Records provided:

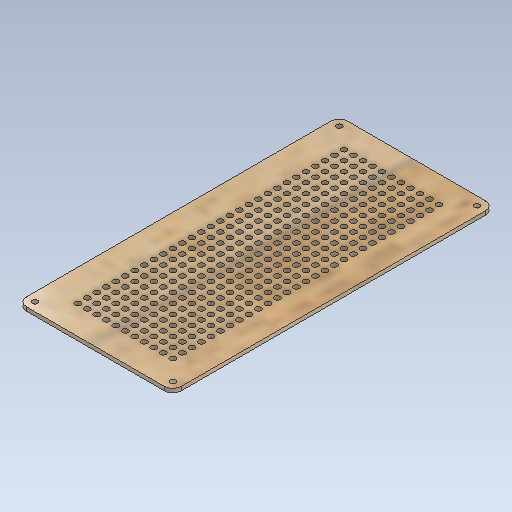
# Autodesk Inventor part: ロボット回転_回路ボード1
Saved by Autodesk Inventor 2020.3 (Build 243373000, 373)
## iProperties
Created: 2020-07-06
Part Number: ロボット回転_回路ボード1
Material: 木材 (カエデ材)
Document SubType Name: Modeling
Designer: totot
Mass: 15.376 g
Surface Area: 300.242 cm^2
Volume: 22.9492 cm^3
Density: 0.67 g/cm^3
Appearance: ナチュラル カエデ材 - 光沢 濃い着色
Author: totot
Autodesk Inventor part; units mm, degrees
ref_plane "YZ Plane" through (0, 0, 0) normal (1, 0, 0) x (0, 1, 0)
ref_plane "XZ Plane" through (0, 0, 0) normal (0, 1, 0) x (-1, 0, 0)
ref_plane "XY Plane" through (0, 0, 0) normal (0, 0, 1) x (1, 0, 0)
sketch "スケッチ1" plane through (0, 0, 0) normal (0, 1, 0) x (-1, 0, 0)
  line L0 (0, 0) -> (-81.5097, 0)
  line L1 (-81.5097, 0) -> (-81.5097, -169)
  line L2 (-81.5097, -169) -> (0, -169)
  line L3 (0, -169) -> (0, 0)
  dimension "d0" = 169
  dimension "d7" = 81.5097
  constraints: 8 end point, 2 parallel, 1 horizontal, 1 perpendicular
  measures "d0" distance of L1.end L0.end
  measures "d7" distance between parallel lines of L1 L3
extrude "押し出し1" add sketch "スケッチ1" along normal blind 2
sketch "スケッチ2" plane through (0, 2, 0) normal (0, 1, 0) x (1, 0, 0)
  line L0 (4.5, 4.5) -> (77.01, 4.5)
  line L1 (77.01, 4.5) -> (77.01, 164.5)
  line L2 (77.01, 164.5) -> (4.5, 164.5)
  line L3 (4.5, 164.5) -> (4.5, 4.5)
  line L4 (0, 169) -> (0, 0) projected
  line L5 (0, 0) -> (81.5097, 0) projected
  line L6 (81.5097, 0) -> (81.5097, 169) projected
  point P0 (66.5097, 15)
  point P1 (61.5097, 15)
  point P2 (56.5097, 15)
  point P3 (51.5097, 15)
  point P4 (46.5097, 15)
  point P5 (41.5097, 15)
  point P6 (36.5097, 15)
  point P7 (31.5097, 15)
  point P8 (26.5097, 15)
  point P9 (21.5097, 15)
  point P10 (16.5097, 15)
  point P11 (66.5097, 20)
  point P12 (61.5097, 20)
  point P13 (56.5097, 20)
  point P14 (51.5097, 20)
  point P15 (46.5097, 20)
  point P16 (41.5097, 20)
  point P17 (36.5097, 20)
  point P18 (31.5097, 20)
  point P19 (26.5097, 20)
  point P20 (21.5097, 20)
  point P21 (16.5097, 20)
  point P22 (66.5097, 25)
  point P23 (61.5097, 25)
  point P24 (56.5097, 25)
  point P25 (51.5097, 25)
  point P26 (46.5097, 25)
  point P27 (41.5097, 25)
  point P28 (36.5097, 25)
  point P29 (31.5097, 25)
  point P30 (26.5097, 25)
  point P31 (21.5097, 25)
  point P32 (16.5097, 25)
  point P33 (66.5097, 30)
  point P34 (61.5097, 30)
  point P35 (56.5097, 30)
  point P36 (51.5097, 30)
  point P37 (46.5097, 30)
  point P38 (41.5097, 30)
  point P39 (36.5097, 30)
  point P40 (31.5097, 30)
  point P41 (26.5097, 30)
  point P42 (21.5097, 30)
  point P43 (16.5097, 30)
  point P44 (66.5097, 35)
  point P45 (61.5097, 35)
  point P46 (56.5097, 35)
  point P47 (51.5097, 35)
  point P48 (46.5097, 35)
  point P49 (41.5097, 35)
  point P50 (36.5097, 35)
  point P51 (31.5097, 35)
  point P52 (26.5097, 35)
  point P53 (21.5097, 35)
  point P54 (16.5097, 35)
  point P55 (66.5097, 40)
  point P56 (61.5097, 40)
  point P57 (56.5097, 40)
  point P58 (51.5097, 40)
  point P59 (46.5097, 40)
  point P60 (41.5097, 40)
  point P61 (36.5097, 40)
  point P62 (31.5097, 40)
  point P63 (26.5097, 40)
  point P64 (21.5097, 40)
  point P65 (16.5097, 40)
  point P66 (66.5097, 45)
  point P67 (61.5097, 45)
  point P68 (56.5097, 45)
  point P69 (51.5097, 45)
  point P70 (46.5097, 45)
  point P71 (41.5097, 45)
  point P72 (36.5097, 45)
  point P73 (31.5097, 45)
  point P74 (26.5097, 45)
  point P75 (21.5097, 45)
  point P76 (16.5097, 45)
  point P77 (66.5097, 50)
  point P78 (61.5097, 50)
  point P79 (56.5097, 50)
  point P80 (51.5097, 50)
  point P81 (46.5097, 50)
  point P82 (41.5097, 50)
  point P83 (36.5097, 50)
  point P84 (31.5097, 50)
  point P85 (26.5097, 50)
  point P86 (21.5097, 50)
  point P87 (16.5097, 50)
  point P88 (66.5097, 55)
  point P89 (61.5097, 55)
  point P90 (56.5097, 55)
  point P91 (51.5097, 55)
  point P92 (46.5097, 55)
  point P93 (41.5097, 55)
  point P94 (36.5097, 55)
  point P95 (31.5097, 55)
  point P96 (26.5097, 55)
  point P97 (21.5097, 55)
  point P98 (16.5097, 55)
  point P99 (66.5097, 60)
  point P100 (61.5097, 60)
  point P101 (56.5097, 60)
  point P102 (51.5097, 60)
  point P103 (46.5097, 60)
  point P104 (41.5097, 60)
  point P105 (36.5097, 60)
  point P106 (31.5097, 60)
  point P107 (26.5097, 60)
  point P108 (21.5097, 60)
  point P109 (16.5097, 60)
  point P110 (66.5097, 65)
  point P111 (61.5097, 65)
  point P112 (56.5097, 65)
  point P113 (51.5097, 65)
  point P114 (46.5097, 65)
  point P115 (41.5097, 65)
  point P116 (36.5097, 65)
  point P117 (31.5097, 65)
  point P118 (26.5097, 65)
  point P119 (21.5097, 65)
  point P120 (16.5097, 65)
  point P121 (66.5097, 70)
  point P122 (61.5097, 70)
  point P123 (56.5097, 70)
  point P124 (51.5097, 70)
  point P125 (46.5097, 70)
  point P126 (41.5097, 70)
  point P127 (36.5097, 70)
  point P128 (31.5097, 70)
  point P129 (26.5097, 70)
  point P130 (21.5097, 70)
  point P131 (16.5097, 70)
  point P132 (66.5097, 75)
  point P133 (61.5097, 75)
  point P134 (56.5097, 75)
  point P135 (51.5097, 75)
  point P136 (46.5097, 75)
  point P137 (41.5097, 75)
  point P138 (36.5097, 75)
  point P139 (31.5097, 75)
  point P140 (26.5097, 75)
  point P141 (21.5097, 75)
  point P142 (16.5097, 75)
  point P143 (66.5097, 80)
  point P144 (61.5097, 80)
  point P145 (56.5097, 80)
  point P146 (51.5097, 80)
  point P147 (46.5097, 80)
  point P148 (41.5097, 80)
  point P149 (36.5097, 80)
  point P150 (31.5097, 80)
  point P151 (26.5097, 80)
  point P152 (21.5097, 80)
  point P153 (16.5097, 80)
  point P154 (66.5097, 85)
  point P155 (61.5097, 85)
  point P156 (56.5097, 85)
  point P157 (51.5097, 85)
  point P158 (46.5097, 85)
  point P159 (41.5097, 85)
  point P160 (36.5097, 85)
  point P161 (31.5097, 85)
  point P162 (26.5097, 85)
  point P163 (21.5097, 85)
  point P164 (16.5097, 85)
  point P165 (66.5097, 90)
  point P166 (61.5097, 90)
  point P167 (56.5097, 90)
  point P168 (51.5097, 90)
  point P169 (46.5097, 90)
  point P170 (41.5097, 90)
  point P171 (36.5097, 90)
  point P172 (31.5097, 90)
  point P173 (26.5097, 90)
  point P174 (21.5097, 90)
  point P175 (16.5097, 90)
  point P176 (66.5097, 95)
  point P177 (61.5097, 95)
  point P178 (56.5097, 95)
  point P179 (51.5097, 95)
  point P180 (46.5097, 95)
  point P181 (41.5097, 95)
  point P182 (36.5097, 95)
  point P183 (31.5097, 95)
  point P184 (26.5097, 95)
  point P185 (21.5097, 95)
  point P186 (16.5097, 95)
  point P187 (66.5097, 100)
  point P188 (61.5097, 100)
  point P189 (56.5097, 100)
  point P190 (51.5097, 100)
  point P191 (46.5097, 100)
  point P192 (41.5097, 100)
  point P193 (36.5097, 100)
  point P194 (31.5097, 100)
  point P195 (26.5097, 100)
  point P196 (21.5097, 100)
  point P197 (16.5097, 100)
  point P198 (66.5097, 105)
  point P199 (61.5097, 105)
  dimension "d3" = 160
  dimension "d4" = 4.5
  dimension "d5" = 4.5
  dimension "d6" = 72.51
  dimension "d8" = 15
  dimension "d9" = 15
  dimension "d12" = 5
  dimension "d15" = 5
  dimension "d28" = 5
  dimension "d31" = 5
  constraints: 8 end point, 4 coincident, 3 horizontal, 2 parallel, 2 vertical, 1 perpendicular, 328 other
  measures "d3" distance of L1.end L0.end
  measures "d4" distance between parallel lines of L3 L4
  measures "d5" distance between parallel lines of L5 L0
  measures "d6" distance between parallel lines of L3 L1
  measures "d8" distance from line of point (66.51, 15) L5
  measures "d9" distance from line of point (66.51, 15) L6
  measures "d12" distance of point (66.51, 15) point (61.51, 15)
  measures "d15" distance of point (66.51, 15) point (66.51, 20)
  measures "d28" distance of point (66.51, 145) point (66.51, 150)
  measures "d31" distance of point (66.51, 145) point (61.51, 145)
hole "穴1" at (4.5, 2, -4.5) at (4.5, 2, -164.5) at (77.01, 2, -164.5) at (77.01, 2, -4.5) at (66.5097, 2, -15) at (61.5097, 2, -15) at (56.5097, 2, -15) at (51.5097, 2, -15) at (46.5097, 2, -15) at (41.5097, 2, -15) at (36.5097, 2, -15) at (31.5097, 2, -15) at (26.5097, 2, -15) at (21.5097, 2, -15) at (16.5097, 2, -15) at (66.5097, 2, -20) at (61.5097, 2, -20) at (56.5097, 2, -20) at (51.5097, 2, -20) at (46.5097, 2, -20) at (41.5097, 2, -20) at (36.5097, 2, -20) at (31.5097, 2, -20) at (26.5097, 2, -20) at (21.5097, 2, -20) at (16.5097, 2, -20) at (66.5097, 2, -25) at (61.5097, 2, -25) at (56.5097, 2, -25) at (51.5097, 2, -25) at (46.5097, 2, -25) at (41.5097, 2, -25) at (36.5097, 2, -25) at (31.5097, 2, -25) at (26.5097, 2, -25) at (21.5097, 2, -25) at (16.5097, 2, -25) at (66.5097, 2, -30) at (61.5097, 2, -30) at (56.5097, 2, -30) at (51.5097, 2, -30) at (46.5097, 2, -30) at (41.5097, 2, -30) at (36.5097, 2, -30) at (31.5097, 2, -30) at (26.5097, 2, -30) at (21.5097, 2, -30) at (16.5097, 2, -30) at (66.5097, 2, -35) at (61.5097, 2, -35) direction (0, -1, 0) diameter 3 end through all and at (56.5097, 2, -35) (51.5097, 2, -35) (46.5097, 2, -35) (41.5097, 2, -35) (36.5097, 2, -35) (31.5097, 2, -35) (26.5097, 2, -35) (21.5097, 2, -35) (16.5097, 2, -35) (66.5097, 2, -40) (61.5097, 2, -40) (56.5097, 2, -40) (51.5097, 2, -40) (46.5097, 2, -40) (41.5097, 2, -40) (36.5097, 2, -40) (31.5097, 2, -40) (26.5097, 2, -40) (21.5097, 2, -40) (16.5097, 2, -40) (66.5097, 2, -45) (61.5097, 2, -45) (56.5097, 2, -45) (51.5097, 2, -45) (46.5097, 2, -45) (41.5097, 2, -45) (36.5097, 2, -45) (31.5097, 2, -45) (26.5097, 2, -45) (21.5097, 2, -45) (16.5097, 2, -45) (66.5097, 2, -50) (61.5097, 2, -50) (56.5097, 2, -50) (51.5097, 2, -50) (46.5097, 2, -50) (41.5097, 2, -50) (36.5097, 2, -50) (31.5097, 2, -50) (26.5097, 2, -50) (21.5097, 2, -50) (16.5097, 2, -50) (66.5097, 2, -55) (61.5097, 2, -55) (56.5097, 2, -55) (51.5097, 2, -55) (46.5097, 2, -55) (41.5097, 2, -55) (36.5097, 2, -55) (31.5097, 2, -55) (26.5097, 2, -55) (21.5097, 2, -55) (16.5097, 2, -55) (66.5097, 2, -60) (61.5097, 2, -60) (56.5097, 2, -60) (51.5097, 2, -60) (46.5097, 2, -60) (41.5097, 2, -60) (36.5097, 2, -60) (31.5097, 2, -60) (26.5097, 2, -60) (21.5097, 2, -60) (16.5097, 2, -60) (66.5097, 2, -65) (61.5097, 2, -65) (56.5097, 2, -65) (51.5097, 2, -65) (46.5097, 2, -65) (41.5097, 2, -65) (36.5097, 2, -65) (31.5097, 2, -65) (26.5097, 2, -65) (21.5097, 2, -65) (16.5097, 2, -65) (66.5097, 2, -70) (61.5097, 2, -70) (56.5097, 2, -70) (51.5097, 2, -70) (46.5097, 2, -70) (41.5097, 2, -70) (36.5097, 2, -70) (31.5097, 2, -70) (26.5097, 2, -70) (21.5097, 2, -70) (16.5097, 2, -70) (66.5097, 2, -75) (61.5097, 2, -75) (56.5097, 2, -75) (51.5097, 2, -75) (46.5097, 2, -75) (41.5097, 2, -75) (36.5097, 2, -75) (31.5097, 2, -75) (26.5097, 2, -75) (21.5097, 2, -75) (16.5097, 2, -75) (66.5097, 2, -80) (61.5097, 2, -80) (56.5097, 2, -80) (51.5097, 2, -80) (46.5097, 2, -80) (41.5097, 2, -80) (36.5097, 2, -80) (31.5097, 2, -80) (26.5097, 2, -80) (21.5097, 2, -80) (16.5097, 2, -80) (66.5097, 2, -85) (61.5097, 2, -85) (56.5097, 2, -85) (51.5097, 2, -85) (46.5097, 2, -85) (41.5097, 2, -85) (36.5097, 2, -85) (31.5097, 2, -85) (26.5097, 2, -85) (21.5097, 2, -85) (16.5097, 2, -85) (66.5097, 2, -90) (61.5097, 2, -90) (56.5097, 2, -90) (51.5097, 2, -90) (46.5097, 2, -90) (41.5097, 2, -90) (36.5097, 2, -90) (31.5097, 2, -90) (26.5097, 2, -90) (21.5097, 2, -90) (16.5097, 2, -90) (66.5097, 2, -95) (61.5097, 2, -95) (56.5097, 2, -95) (51.5097, 2, -95) (46.5097, 2, -95) (41.5097, 2, -95) (36.5097, 2, -95) (31.5097, 2, -95) (26.5097, 2, -95) (21.5097, 2, -95) (16.5097, 2, -95) (66.5097, 2, -100) (61.5097, 2, -100) (56.5097, 2, -100) (51.5097, 2, -100) (46.5097, 2, -100) (41.5097, 2, -100) (36.5097, 2, -100) (31.5097, 2, -100) (26.5097, 2, -100) (21.5097, 2, -100) (16.5097, 2, -100) (66.5097, 2, -105) (61.5097, 2, -105) (56.5097, 2, -105) (51.5097, 2, -105) (46.5097, 2, -105) (41.5097, 2, -105) (36.5097, 2, -105) (31.5097, 2, -105) (26.5097, 2, -105) (21.5097, 2, -105) (16.5097, 2, -105) (66.5097, 2, -110) (61.5097, 2, -110) (56.5097, 2, -110) (51.5097, 2, -110) (46.5097, 2, -110) (41.5097, 2, -110) (36.5097, 2, -110) (31.5097, 2, -110) (26.5097, 2, -110) (21.5097, 2, -110) (16.5097, 2, -110) (66.5097, 2, -115) (61.5097, 2, -115) (56.5097, 2, -115) (51.5097, 2, -115) (46.5097, 2, -115) (41.5097, 2, -115) (36.5097, 2, -115) (31.5097, 2, -115) (26.5097, 2, -115) (21.5097, 2, -115) (16.5097, 2, -115) (66.5097, 2, -120) (61.5097, 2, -120) (56.5097, 2, -120) (51.5097, 2, -120) (46.5097, 2, -120) (41.5097, 2, -120) (36.5097, 2, -120) (31.5097, 2, -120) (26.5097, 2, -120) (21.5097, 2, -120) (16.5097, 2, -120) (66.5097, 2, -125) (61.5097, 2, -125) (56.5097, 2, -125) (51.5097, 2, -125) (46.5097, 2, -125) (41.5097, 2, -125) (36.5097, 2, -125) (31.5097, 2, -125) (26.5097, 2, -125) (21.5097, 2, -125) (16.5097, 2, -125) (66.5097, 2, -130) (61.5097, 2, -130) (56.5097, 2, -130) (51.5097, 2, -130) (46.5097, 2, -130) (41.5097, 2, -130) (36.5097, 2, -130) (31.5097, 2, -130) (26.5097, 2, -130) (21.5097, 2, -130) (16.5097, 2, -130) (66.5097, 2, -135) (61.5097, 2, -135) (56.5097, 2, -135) (51.5097, 2, -135) (46.5097, 2, -135) (41.5097, 2, -135) (36.5097, 2, -135) (31.5097, 2, -135) (26.5097, 2, -135) (21.5097, 2, -135) (16.5097, 2, -135) (66.5097, 2, -140) (61.5097, 2, -140) (56.5097, 2, -140) (51.5097, 2, -140) (46.5097, 2, -140) (41.5097, 2, -140) (36.5097, 2, -140) (31.5097, 2, -140) (26.5097, 2, -140) (21.5097, 2, -140) (16.5097, 2, -140) (66.5097, 2, -145) (61.5097, 2, -145) (56.5097, 2, -145) (51.5097, 2, -145) (46.5097, 2, -145) (41.5097, 2, -145) (36.5097, 2, -145) (31.5097, 2, -145) (26.5097, 2, -145) (21.5097, 2, -145) (16.5097, 2, -145) (16.5097, 2, -150) (16.5097, 2, -155) (21.5097, 2, -155) (21.5097, 2, -150) (26.5097, 2, -155) (26.5097, 2, -150) (31.5097, 2, -150) (36.5097, 2, -150) (41.5097, 2, -150) (46.5097, 2, -150) (31.5097, 2, -155) (36.5097, 2, -155) (51.5097, 2, -150) (56.5097, 2, -150) (56.5097, 2, -155) (51.5097, 2, -155) (46.5097, 2, -155) (41.5097, 2, -155) (66.5097, 2, -150) (61.5097, 2, -150) (66.5097, 2, -155) (61.5097, 2, -155)
fillet "フィレット1" radius 4.5 4 edges at (81.5097, 1, 0) (0, 1, 0) (81.5097, 1, -169) (0, 1, -169)
equation "\"d4\" = d5"

Brief: Beginning with the line containing "point P176 (66.5097, 95)" in the material above, copy every line exactly until you have copied the line containing "point P195 (26.5097, 100)".

Output:
  point P176 (66.5097, 95)
  point P177 (61.5097, 95)
  point P178 (56.5097, 95)
  point P179 (51.5097, 95)
  point P180 (46.5097, 95)
  point P181 (41.5097, 95)
  point P182 (36.5097, 95)
  point P183 (31.5097, 95)
  point P184 (26.5097, 95)
  point P185 (21.5097, 95)
  point P186 (16.5097, 95)
  point P187 (66.5097, 100)
  point P188 (61.5097, 100)
  point P189 (56.5097, 100)
  point P190 (51.5097, 100)
  point P191 (46.5097, 100)
  point P192 (41.5097, 100)
  point P193 (36.5097, 100)
  point P194 (31.5097, 100)
  point P195 (26.5097, 100)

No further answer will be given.